┌─ INFORMATION SHOWN

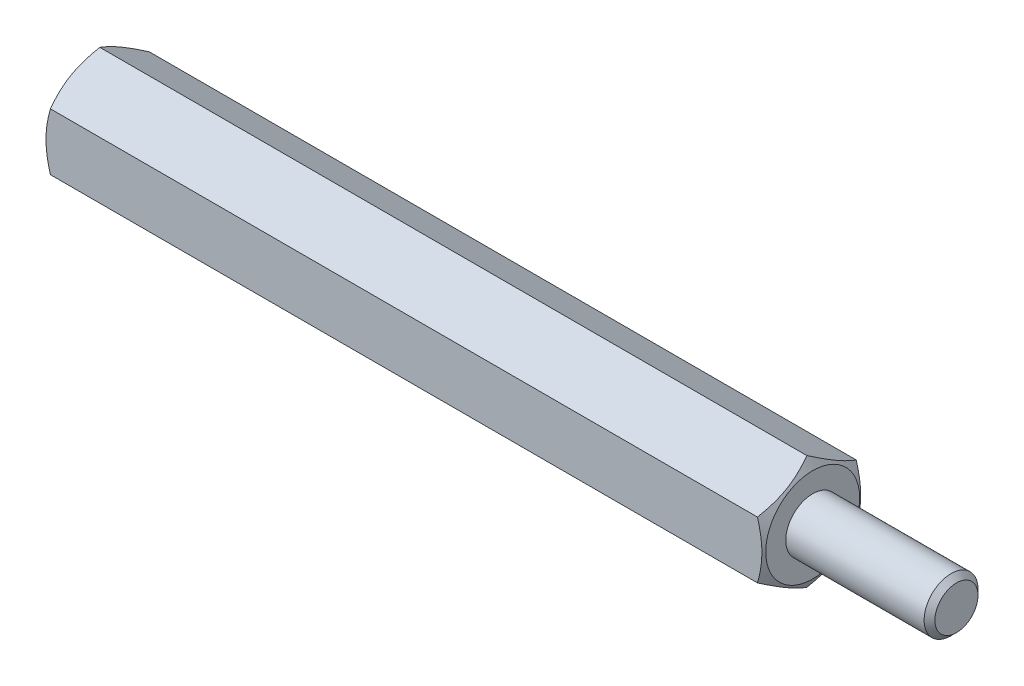
SolidWorks part; units mm, degrees
material "Brass"
ref_plane "Front Plane" through (0, 0, 0) normal (0, 0, 1) x (1, 0, 0)
ref_plane "Top Plane" through (0, 0, 0) normal (0, 1, 0) x (1, 0, 0)
ref_plane "Right Plane" through (0, 0, 0) normal (1, 0, 0) x (0, 0, -1)
sketch "Sketch1" plane through (0, 0, 0) normal (1, 0, 0) x (0, 0, -1)
  line L1 (0, 3.1754) -> (-2.75, 1.5877)
  line L2 (-2.75, 1.5877) -> (-2.75, -1.5877)
  line L3 (-2.75, -1.5877) -> (0, -3.1754)
  line L4 (0, -3.1754) -> (2.75, -1.5877)
  line L5 (2.75, -1.5877) -> (2.75, 1.5877)
  line L6 (2.75, 1.5877) -> (0, 3.1754)
  circle A0 centre (0, 0) radius 2.75 construction
extrude "Boss-Extrude1" add sketch "Sketch1" along normal blind 40
sketch "Sketch2" plane through (40, 0, 0) normal (1, 0, 0) x (0, 0, -1)
  circle A0 centre (0, 0) radius 1.5
extrude "Boss-Extrude2" add sketch "Sketch2" along normal blind 8
sketch "Sketch3" plane through (0, 0, 0) normal (-1, 0, 0) x (0, 0, 1)
  circle A0 centre (0, 0) radius 1.5
extrude "Cut-Extrude1" cut sketch "Sketch3" against normal blind 10
sketch "Sketch4" plane through (0, 0, 0) normal (0, 1, 0) x (1, 0, 0)
  line L0 (0, 0) -> (0, 2.6125)
  line L1 (0, 2.6125) -> (4.3921, 10.2198)
  line L2 (0, 2.6125) -> (0, 10.2198)
  line L3 (0, 10.2198) -> (4.3921, 10.2198)
  line L4 (0, 0) -> (-8.2035, 0) construction
  line L5 (40, 0) -> (40, 2.6125)
  line L6 (40, 2.6125) -> (35.6079, 10.2198)
  line L7 (40, 2.6125) -> (40, 10.2198)
  line L8 (40, 10.2198) -> (35.6079, 10.2198)
  line L9 (0, 0) -> (40, 0)
  dimension "D1" = 40
revolve "Cut-Revolve1" cut sketch "Sketch4" angle 360 about L4
chamfer "Chamfer1" distance 0.3 angle 45 1 edges at (48, 0, -1.5)
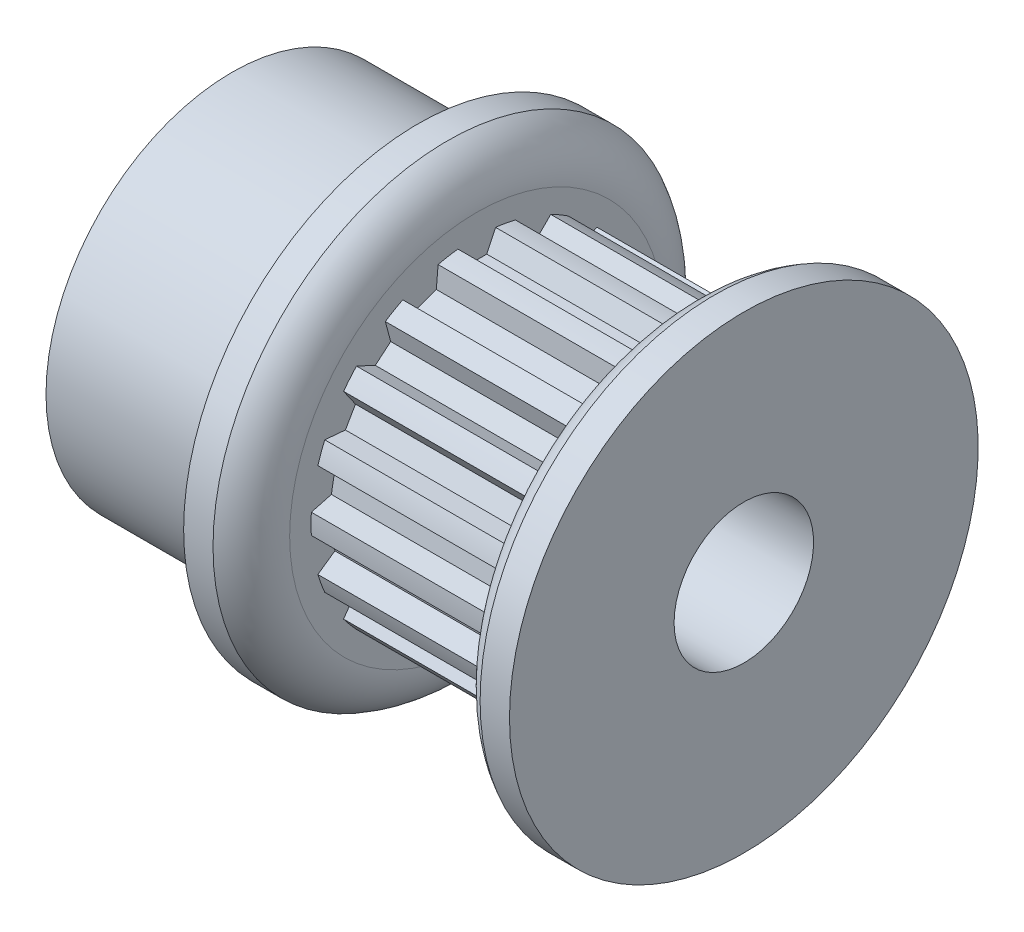
SolidWorks part; units mm, degrees
ref_plane "Front Plane" through (0, 0, 0) normal (0, 0, 1) x (1, 0, 0)
ref_plane "Top Plane" through (0, 0, 0) normal (0, 1, 0) x (1, 0, 0)
ref_plane "Right Plane" through (0, 0, 0) normal (1, 0, 0) x (0, 0, -1)
sketch "Sketch2" plane through (0, 0, 0) normal (1, 0, 0) x (0, 0, -1)
  line L3 (0, 0) -> (0, 4.9911) construction
  line L6 (0, -5.4991) -> (0, -5.8166) construction
  line L7 (-0.5715, 5.4693) -> (-0.343, 4.9793)
  line L8 (0.5715, 5.4693) -> (0.343, 4.9793)
  line L9 (-0.5715, 5.4693) -> (-0.6424, 5.6213)
  line L10 (0.5715, 5.4693) -> (0.6424, 5.6213)
  line L12 (-0.343, 4.9793) -> (0.343, 4.9793)
  line L14 (0, 5.4991) -> (0, 5.8166) construction
  line L15 (0, 0) -> (0, -1.143) construction
  circle A0 centre (0, 0) radius 5.8166 construction
  circle A1 centre (0, 0) radius 4.9911 construction
  circle A2 centre (0, 0) radius 5.4991 construction
  arc A7 (0.6424, 5.6213) -> (-0.6424, 5.6213) centre (0, 0) ccw
  point P5 (0, 5.6578)
  dimension "D3" = 0.3175
  dimension "D1" = 50
sketch "Sketch1" plane through (0, 0, 0) normal (0, 0, 1) x (1, 0, 0)
  line L0 (-8.7376, 0) -> (8.7376, 0) construction
  line L1 (-8.7376, 2.3813) -> (8.7376, 2.3813)
  line L2 (-8.7376, 2.3813) -> (-8.7376, 6.35)
  line L3 (-2.3876, 8.001) -> (-1.3843, 8.001)
  line L4 (-0.381, 5.8166) -> (-0.381, 6.3881)
  line L5 (-0.381, 6.9596) -> (-0.381, 5.8166) construction
  line L6 (-0.381, 5.8166) -> (6.731, 5.8166)
  line L7 (6.731, 5.8166) -> (6.731, 6.3881)
  line L8 (6.731, 5.8166) -> (8.7376, 5.8166) construction
  line L9 (7.7343, 8.001) -> (8.7376, 8.001)
  line L10 (8.7376, 8.001) -> (8.7376, 2.3813)
  line L11 (7.7343, 5.8166) -> (7.7343, 8.001) construction
  line L12 (-5.5626, 6.35) -> (-5.5626, 2.3812) construction
  line L13 (-2.3876, 8.001) -> (-2.3876, 6.35)
  line L14 (-2.3876, 6.35) -> (-8.7376, 6.35)
  arc A0 (6.731, 6.3881) -> (7.7343, 8.001) centre (8.5291, 6.3881) cw
  arc A1 (-0.381, 6.3881) -> (-1.3843, 8.001) centre (-2.1791, 6.3881) ccw
  dimension "Bore Size" = 4.7625
  dimension "Overall Width" = 17.4752
  dimension "Inside Width" = 7.112
  dimension "OD" = 16.002
  dimension "D2" = 11.6332
  dimension "D3" = 1.143
  dimension "D4" = 0.5715
  dimension "Outside Width" = 11.1252
revolve "Revolve1" add sketch "Sketch1" angle 360 mid plane about L0
sketch "Sketch4" plane through (-0.381, 0, 0) normal (1, 0, 0) x (0, 0, -1)
  circle A0 centre (0, 0) radius 5.6578
  circle A2 centre (0, 0) radius 5.8166
  circle A3 centre (0, 0) radius 5.8166 construction
extrude "Cut-Extrude2" cut sketch "Sketch4" along normal up to surface (7.112 mm away) up to face at (6.731, 0, 5.8166)
sketch "Sketch3" plane through (-0.381, 0, 0) normal (1, 0, 0) x (0, 0, -1)
  line L2 (-0.5715, 5.4693) -> (-0.343, 4.9793) construction
  line L3 (-0.343, 4.9793) -> (0.343, 4.9793) construction
  line L4 (0.5715, 5.4693) -> (0.343, 4.9793) construction
  line L5 (-0.6424, 5.6213) -> (-0.343, 4.9793)
  line L6 (-0.343, 4.9793) -> (0.343, 4.9793)
  line L7 (0.6424, 5.6213) -> (0.343, 4.9793)
  arc A1 (0.6424, 5.6213) -> (-0.6424, 5.6213) centre (0, 0) ccw construction
  arc A2 (0.6424, 5.6213) -> (-0.6424, 5.6213) centre (0, 0) ccw
extrude "Cut-Extrude1" cut sketch "Sketch3" along normal up to surface (7.112 mm away) up to face at (6.731, 0, 6.3881)
pattern_circular "CirPattern1" count 18 over 360 about axis through (0, 0, 0) along (1, 0, 0) of "Cut-Extrude1"
sketch "Sketch5" plane through (0, 0, 0) normal (0, 0, 1) x (1, 0, 0)
  line L1 (6.731, 6.3881) -> (6.731, -6.3881) construction
  point P0 (6.731, 0)
equation "\"D3@Sketch2\" = (\"hs@Sketch2\"-\"ht@Sketch2\")/2"
equation "\"D2@Sketch1\" = \"PD@Sketch2\""
equation "\"D3@Sketch1\" = \"hs@Sketch2\""
equation "\"D4@Sketch1\" = \"D3@Sketch1\"/2"
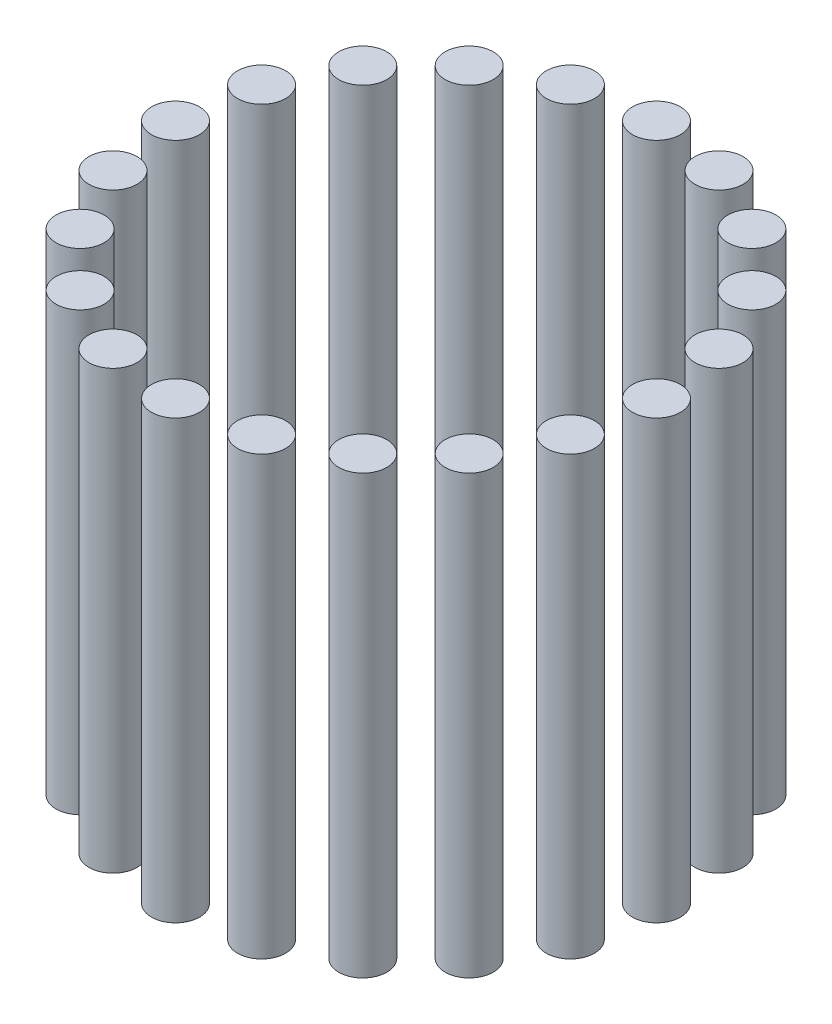
SolidWorks part; units mm, degrees
ref_plane "Front Plane" through (0, 0, 0) normal (0, 0, 1) x (1, 0, 0)
ref_plane "Top Plane" through (0, 0, 0) normal (0, 1, 0) x (1, 0, 0)
ref_plane "Right Plane" through (0, 0, 0) normal (1, 0, 0) x (0, 0, -1)
sketch "Sketch1" plane through (0, 0, 0) normal (0, 1, 0) x (1, 0, 0)
  circle A1 centre (55, 0) radius 5.5
  circle A2 centre (52.3081, -16.9959) radius 5.5
  circle A3 centre (44.4959, -32.3282) radius 5.5
  circle A4 centre (32.3282, -44.4959) radius 5.5
  circle A5 centre (16.9959, -52.3081) radius 5.5
  circle A6 centre (0, -55) radius 5.5
  circle A7 centre (-16.9959, -52.3081) radius 5.5
  circle A8 centre (-32.3282, -44.4959) radius 5.5
  circle A9 centre (-44.4959, -32.3282) radius 5.5
  circle A10 centre (-52.3081, -16.9959) radius 5.5
  circle A11 centre (-55, 0) radius 5.5
  circle A12 centre (-52.3081, 16.9959) radius 5.5
  circle A13 centre (-44.4959, 32.3282) radius 5.5
  circle A14 centre (-32.3282, 44.4959) radius 5.5
  circle A15 centre (-16.9959, 52.3081) radius 5.5
  circle A16 centre (0, 55) radius 5.5
  circle A17 centre (16.9959, 52.3081) radius 5.5
  circle A18 centre (32.3282, 44.4959) radius 5.5
  circle A19 centre (44.4959, 32.3282) radius 5.5
  circle A20 centre (52.3081, 16.9959) radius 5.5
  point P46 (0, 0)
  dimension "D1" = 20
extrude "Boss-Extrude1" add sketch "Sketch1" along normal blind 100

└─

# WORK TASK:
Copy out every line in the records where the word "angle" is found.

# RESPONSE FOR THIS EXERCISE:
revolve "Cut-Revolve1" cut sketch "Sketch4" angle 360 about L4
chamfer "Chamfer1" distance 0.3 angle 45 1 edges at (48, 0, -1.5)
revolve "Revolve1" add sketch "Sketch1" angle 360 mid plane about L0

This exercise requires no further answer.